The second Africa Innovation Summit (AIS II) 2018 today kicked off in Kigali with over €100 billion up for grabs from the European Commission (EC) for individual and government innovators for the next seven years.
“Tomorrow we shall be announcing the new funding which is very competitive…On the research programme there is going to be funding for African innovators and we also have the development programmes aimed at supporting countries,” said Maria Cristina Russo, EC Director for International Cooperation and Directorate-General for Research and Innovation.
The new funding announcement will be a continuation of the already existing European Union Research innovation funding worth €80billion which ends with the year 2020.
The three-day AIS summit was officially opened by Rwanda’s Prime Minister Edouard Ngirente and attended by over 50 African firms (especially start-ups and SMEs) to showcase innovations taking place on the continent, which could influence the future of African and the world.

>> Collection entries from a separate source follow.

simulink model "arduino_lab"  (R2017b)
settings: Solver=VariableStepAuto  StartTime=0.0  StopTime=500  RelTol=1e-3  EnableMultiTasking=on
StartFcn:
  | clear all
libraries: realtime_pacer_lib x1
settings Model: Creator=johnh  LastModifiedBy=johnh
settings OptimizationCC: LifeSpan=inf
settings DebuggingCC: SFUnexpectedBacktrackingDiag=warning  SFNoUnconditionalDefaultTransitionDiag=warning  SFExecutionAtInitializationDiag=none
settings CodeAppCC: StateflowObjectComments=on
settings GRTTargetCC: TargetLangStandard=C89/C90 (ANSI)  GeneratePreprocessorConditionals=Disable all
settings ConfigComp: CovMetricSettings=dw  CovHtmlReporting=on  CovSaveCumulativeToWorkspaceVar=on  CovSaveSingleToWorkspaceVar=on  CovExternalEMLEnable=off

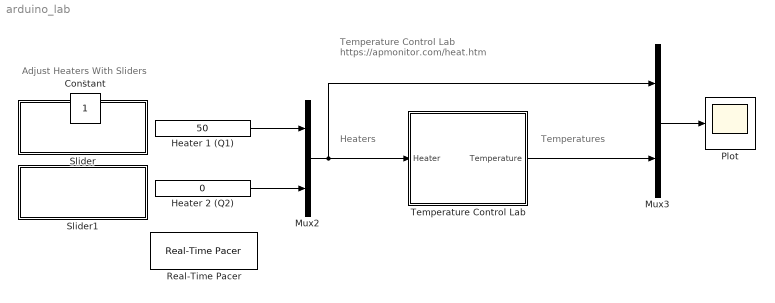
== system arduino_lab ==
  note: Adjust Heaters With Sliders
  note: Temperature Control Lab
      | https://apmonitor.com/heat.htm
  note: Heaters
  note: Temperatures
  Heater 1 (Q1) : Constant  Value=50
  Heater 2 (Q2) : Constant  Value=0
  Mux2 : Mux  Inputs=2
  Mux3 : Mux  Inputs=2
  Plot : Scope
  Real-Time Pacer : realtime_pacer_lib/Real-Time Pacer  simTimePerRealTime=1
  Slider : Subsystem  DialogController=hmiCreateDDGDialog  IsWebBlock=on  mask(MWDashboardBlock){webBlockId=e384a236-a50c-4b75-ba51-627058c2b810, webBlockType=slider, ShowInLibBrowser=on, ShowInitialText=on, HMISrcModelName=arduino_lab}
      mask prompts: webBlockId "WebBlock Id"; webBlockType "WebBlock Type"; HMISrcModelName "Source Model"
      mask help: SimulinkHMI:dialogs:SliderDialogDesc
      mask Help: helpview([docroot '/mapfiles/simulink.map'], 'hmi_slider')
      mask Display:
      | if strcmp(get_param(bdroot(gcb),'BlockDiagramType'), 'library')
      |     image([(matlabroot) '/toolbox/simulink/hmi/icons/Slider.png']);
      | end
  Slider1 : Subsystem  DialogController=hmiCreateDDGDialog  IsWebBlock=on  mask(MWDashboardBlock){webBlockId=e28f78d7-4053-462e-98b6-be5f9b67005a, webBlockType=slider, ShowInLibBrowser=on, ShowInitialText=on, HMISrcModelName=arduino_lab}
      mask prompts: webBlockId "WebBlock Id"; webBlockType "WebBlock Type"; HMISrcModelName "Source Model"
      mask help: SimulinkHMI:dialogs:SliderDialogDesc
      mask Help: helpview([docroot '/mapfiles/simulink.map'], 'hmi_slider')
      mask Display:
      | if strcmp(get_param(bdroot(gcb),'BlockDiagramType'), 'library')
      |     image([(matlabroot) '/toolbox/simulink/hmi/icons/Slider.png']);
      | end
  Temperature Control Lab : Subsystem
      mask Display: image('tclab.png');
  1 : Constant  IOType=siggen
  Constant : Constant  IOType=siggen
  wires:
  Heater 1 (Q1)/1 -> Mux2/1
  Heater 2 (Q2)/1 -> Mux2/2
  Temperature Control Lab/1(Temperature) -> Mux3/2
  Mux3/1 -> Plot/1
  Mux2/1 -> Mux3/1, Temperature Control Lab/1(Heater)

== system arduino_lab/Slider ==

== system arduino_lab/Slider1 ==

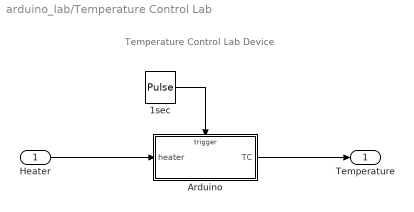
== system arduino_lab/Temperature Control Lab ==
  note: Temperature Control Lab Device
  Heater : Inport
  1sec : DiscretePulseGenerator  PulseType=Time based  Period=1  PulseWidth=50
  Arduino : Subsystem  TreatAsAtomicUnit=on
  Temperature : Outport
  wires:
  1sec/1 -> Arduino/Trigger
  Arduino/1(TC) -> Temperature/1
  Heater/1 -> Arduino/1(heater)

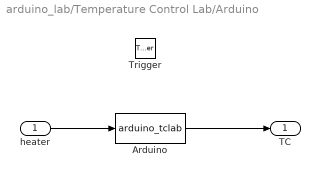
== system arduino_lab/Temperature Control Lab/Arduino ==
  heater : Inport  LatchByDelayingOutsideSignal=on
  Trigger : TriggerPort  VariantControl=Variant
  Arduino : MATLABFcn  MATLABFcn=arduino_tclab
  TC : Outport  InitialOutput=[23 23]
  wires:
  heater/1 -> Arduino/1
  Arduino/1 -> TC/1

Ngirente said that the current infrastructure and structural challenges on the African continent can only be addressed through innovation and this must start immediately with funding on innovation hubs.
He said that countries are creating national support institutions for innovation, including developing innovation policies and strategies, while in many countries, technology and innovation hubs have sprung up to take advantage of mobile technology to resolve problem.
In this regard, the PM also revealed that Rwanda will next week launch the first national research and innovation fund as a way of addressing Rwanda’s challenges.
“This we believe shall serve as a major research funding vehicle through which research & research- based innovation activities shall be supported,” Ngirente said.
This launch will be part of the approved grant worth $30 million between Africa Development Bank (ADfB) and Rwanda to be injected into innovation fund that has a total of $100 million- with the rest coming from the UK and private sector.
AIS II will focus on innovative and disruptive solutions to the major challenges facing African countries, which include energy access, water, food insecurity, health systems, and governance.
However some experts said that African innovation should be not be limited to innovation but evolve around the access to internet, free movement and funding.
“If we wanna be able to develop, innovation alone is not enough. We must diffuse, imitate, modify, increase value & scale up ideas. This is how developed countries have been able to move forward,” said Dr. Vera Songwe, Executive Secretary of the UN Economic Commission for Africa (UNECA) during an Innovation Africa: Challenges & Opportunities panel.
UNECA index 2013-2017 statistics indicate that only 17 African countries including Rwanda have been among the top 100 global innovation, with Kenya, Ghana and South Africa taking more than five times in the listing.
But with all the internet penetration on the continent with Kenya leading at 80%, only two countries have 50 tech hubs and over 25 countries with none and an ICT growth of 20% on the continent.